(Extracted data entries)
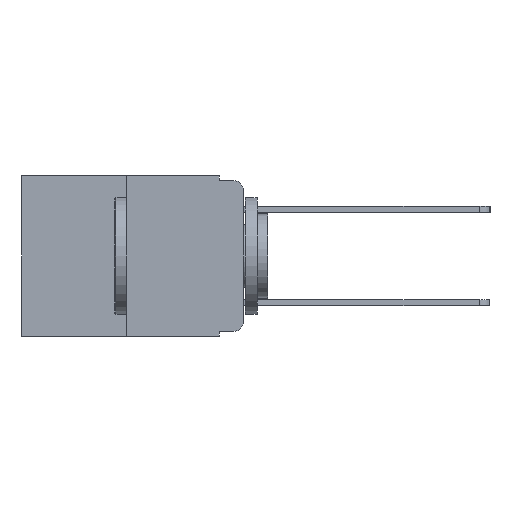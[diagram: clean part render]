
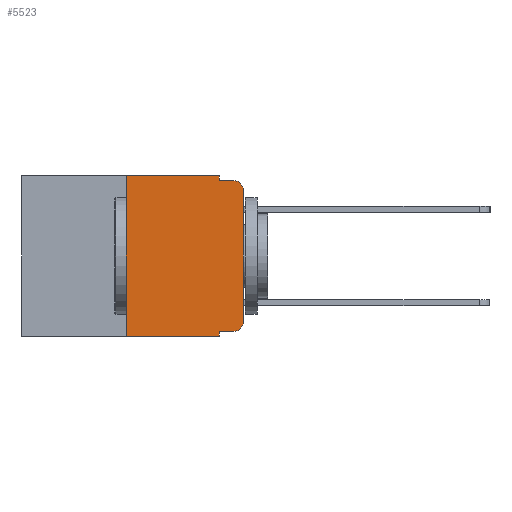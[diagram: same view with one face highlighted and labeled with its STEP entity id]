
A CAD part, left-side view. The second image highlights one B-rep face of the part: STEP entity #5523.
In plain terms, the highlighted planar face has unit normal (-1, 0, 0).
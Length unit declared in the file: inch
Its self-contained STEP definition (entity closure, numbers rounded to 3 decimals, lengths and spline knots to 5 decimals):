
#1130 = VECTOR ( 'NONE', #5022, 39.37008 ) ;
#1148 = ORIENTED_EDGE ( 'NONE', *, *, #1337, .T. ) ;
#1198 = VECTOR ( 'NONE', #6045, 39.37008 ) ;
#1223 = CARTESIAN_POINT ( 'NONE',  ( 0., 0.02, -0.01 ) ) ;
#1248 = AXIS2_PLACEMENT_3D ( 'NONE', #11161, #11155, #11131 ) ;
#1337 = EDGE_CURVE ( 'NONE', #1691, #9869, #4030, .T. ) ;
#1344 = ORIENTED_EDGE ( 'NONE', *, *, #2428, .T. ) ;
#1456 = LINE ( 'NONE', #8116, #8877 ) ;
#1573 = ORIENTED_EDGE ( 'NONE', *, *, #4509, .F. ) ;
#1691 = VERTEX_POINT ( 'NONE', #6633 ) ;
#1799 = CARTESIAN_POINT ( 'NONE',  ( 0., 0.051, -0.01 ) ) ;
#1866 = LINE ( 'NONE', #7053, #9479 ) ;
#1930 = VERTEX_POINT ( 'NONE', #12111 ) ;
#2199 = VERTEX_POINT ( 'NONE', #6304 ) ;
#2428 = EDGE_CURVE ( 'NONE', #1930, #5693, #8933, .T. ) ;
#2513 = DIRECTION ( 'NONE',  ( -1., 0., 0. ) ) ;
#2529 = CARTESIAN_POINT ( 'NONE',  ( 0., 0.051, -0.343 ) ) ;
#2770 = AXIS2_PLACEMENT_3D ( 'NONE', #8549, #2513, #9416 ) ;
#3136 = EDGE_CURVE ( 'NONE', #5857, #1930, #7636, .T. ) ;
#3213 = DIRECTION ( 'NONE',  ( 0., 0., -1. ) ) ;
#3228 = ORIENTED_EDGE ( 'NONE', *, *, #6546, .F. ) ;
#3335 = ORIENTED_EDGE ( 'NONE', *, *, #5176, .F. ) ;
#3484 = ORIENTED_EDGE ( 'NONE', *, *, #7247, .T. ) ;
#3949 = ORIENTED_EDGE ( 'NONE', *, *, #7896, .T. ) ;
#4030 = LINE ( 'NONE', #9085, #1198 ) ;
#4398 = DIRECTION ( 'NONE',  ( 0., 0., 1. ) ) ;
#4509 = EDGE_CURVE ( 'NONE', #5857, #9869, #11502, .T. ) ;
#4712 = DIRECTION ( 'NONE',  ( 1., 0., 0. ) ) ;
#4746 = LINE ( 'NONE', #9342, #11903 ) ;
#4863 = CARTESIAN_POINT ( 'NONE',  ( 0., 0.051, 0. ) ) ;
#4940 = DIRECTION ( 'NONE',  ( 0., -1., 0. ) ) ;
#4960 = ORIENTED_EDGE ( 'NONE', *, *, #11088, .F. ) ;
#4963 = CARTESIAN_POINT ( 'NONE',  ( 0., 0.051, 0. ) ) ;
#5022 = DIRECTION ( 'NONE',  ( 0., 0., -1. ) ) ;
#5041 = FACE_OUTER_BOUND ( 'NONE', #7381, .T. ) ;
#5176 = EDGE_CURVE ( 'NONE', #1691, #12482, #4746, .T. ) ;
#5523 = ADVANCED_FACE ( 'NONE', ( #5041 ), #9524, .F. ) ;
#5693 = VERTEX_POINT ( 'NONE', #10356 ) ;
#5857 = VERTEX_POINT ( 'NONE', #10591 ) ;
#5860 = EDGE_CURVE ( 'NONE', #8509, #2199, #1456, .T. ) ;
#6045 = DIRECTION ( 'NONE',  ( 0., -1., 0. ) ) ;
#6304 = CARTESIAN_POINT ( 'NONE',  ( 0., 0.051, -0.01 ) ) ;
#6426 = VECTOR ( 'NONE', #4940, 39.37008 ) ;
#6546 = EDGE_CURVE ( 'NONE', #2199, #11355, #8972, .T. ) ;
#6633 = CARTESIAN_POINT ( 'NONE',  ( 0., 0.25, -0.343 ) ) ;
#6770 = DIRECTION ( 'NONE',  ( 0., 0., 1. ) ) ;
#7053 = CARTESIAN_POINT ( 'NONE',  ( 0., 0.473, 0. ) ) ;
#7089 = CARTESIAN_POINT ( 'NONE',  ( 0., 0., -0.03 ) ) ;
#7247 = EDGE_CURVE ( 'NONE', #7525, #11355, #11408, .T. ) ;
#7335 = VECTOR ( 'NONE', #11906, 39.37008 ) ;
#7381 = EDGE_LOOP ( 'NONE', ( #3949, #3484, #3228, #8136, #4960, #3335, #1148, #1573, #10766, #1344 ) ) ;
#7525 = VERTEX_POINT ( 'NONE', #7089 ) ;
#7636 = LINE ( 'NONE', #9726, #7335 ) ;
#7896 = EDGE_CURVE ( 'NONE', #5693, #7525, #11255, .T. ) ;
#8031 = DIRECTION ( 'NONE',  ( 0., -1., 0. ) ) ;
#8116 = CARTESIAN_POINT ( 'NONE',  ( 0., 0.051, 0. ) ) ;
#8136 = ORIENTED_EDGE ( 'NONE', *, *, #5860, .F. ) ;
#8509 = VERTEX_POINT ( 'NONE', #4963 ) ;
#8549 = CARTESIAN_POINT ( 'NONE',  ( 0., 0.02, -0.03 ) ) ;
#8877 = VECTOR ( 'NONE', #3213, 39.37008 ) ;
#8933 = CIRCLE ( 'NONE', #1248, 0.02 ) ;
#8972 = LINE ( 'NONE', #1799, #6426 ) ;
#9085 = CARTESIAN_POINT ( 'NONE',  ( 0., 0.473, -0.343 ) ) ;
#9336 = AXIS2_PLACEMENT_3D ( 'NONE', #11045, #4712, #11286 ) ;
#9342 = CARTESIAN_POINT ( 'NONE',  ( 0., 0.25, 0. ) ) ;
#9393 = CARTESIAN_POINT ( 'NONE',  ( 0., 0.25, 0. ) ) ;
#9416 = DIRECTION ( 'NONE',  ( 0., 0., -1. ) ) ;
#9479 = VECTOR ( 'NONE', #8031, 39.37008 ) ;
#9524 = PLANE ( 'NONE',  #9336 ) ;
#9726 = CARTESIAN_POINT ( 'NONE',  ( 0., 0.051, -0.333 ) ) ;
#9869 = VERTEX_POINT ( 'NONE', #2529 ) ;
#10356 = CARTESIAN_POINT ( 'NONE',  ( 0., 0., -0.313 ) ) ;
#10591 = CARTESIAN_POINT ( 'NONE',  ( 0., 0.051, -0.333 ) ) ;
#10766 = ORIENTED_EDGE ( 'NONE', *, *, #3136, .T. ) ;
#10990 = VECTOR ( 'NONE', #6770, 39.37008 ) ;
#11045 = CARTESIAN_POINT ( 'NONE',  ( 0., 0.473, 0. ) ) ;
#11088 = EDGE_CURVE ( 'NONE', #12482, #8509, #1866, .T. ) ;
#11131 = DIRECTION ( 'NONE',  ( 0., 0., -1. ) ) ;
#11155 = DIRECTION ( 'NONE',  ( -1., 0., 0. ) ) ;
#11161 = CARTESIAN_POINT ( 'NONE',  ( 0., 0.02, -0.313 ) ) ;
#11255 = LINE ( 'NONE', #11613, #10990 ) ;
#11286 = DIRECTION ( 'NONE',  ( 0., 0., -1. ) ) ;
#11355 = VERTEX_POINT ( 'NONE', #1223 ) ;
#11408 = CIRCLE ( 'NONE', #2770, 0.02 ) ;
#11502 = LINE ( 'NONE', #4863, #1130 ) ;
#11613 = CARTESIAN_POINT ( 'NONE',  ( 0., 0., 0. ) ) ;
#11903 = VECTOR ( 'NONE', #4398, 39.37008 ) ;
#11906 = DIRECTION ( 'NONE',  ( 0., -1., 0. ) ) ;
#12111 = CARTESIAN_POINT ( 'NONE',  ( 0., 0.02, -0.333 ) ) ;
#12482 = VERTEX_POINT ( 'NONE', #9393 ) ;

WORK INSTRUCTIONS: Return a word-for-word copy of the lines above from the one holding "#1456 = LINE ( 'NONE', #8116, #8877 ) ;" through the one holding "#2770 = AXIS2_PLACEMENT_3D", with both of them included and nothing besides.

RESULT FOR THIS EXERCISE:
#1456 = LINE ( 'NONE', #8116, #8877 ) ;
#1573 = ORIENTED_EDGE ( 'NONE', *, *, #4509, .F. ) ;
#1691 = VERTEX_POINT ( 'NONE', #6633 ) ;
#1799 = CARTESIAN_POINT ( 'NONE',  ( 0., 0.051, -0.01 ) ) ;
#1866 = LINE ( 'NONE', #7053, #9479 ) ;
#1930 = VERTEX_POINT ( 'NONE', #12111 ) ;
#2199 = VERTEX_POINT ( 'NONE', #6304 ) ;
#2428 = EDGE_CURVE ( 'NONE', #1930, #5693, #8933, .T. ) ;
#2513 = DIRECTION ( 'NONE',  ( -1., 0., 0. ) ) ;
#2529 = CARTESIAN_POINT ( 'NONE',  ( 0., 0.051, -0.343 ) ) ;
#2770 = AXIS2_PLACEMENT_3D ( 'NONE', #8549, #2513, #9416 ) ;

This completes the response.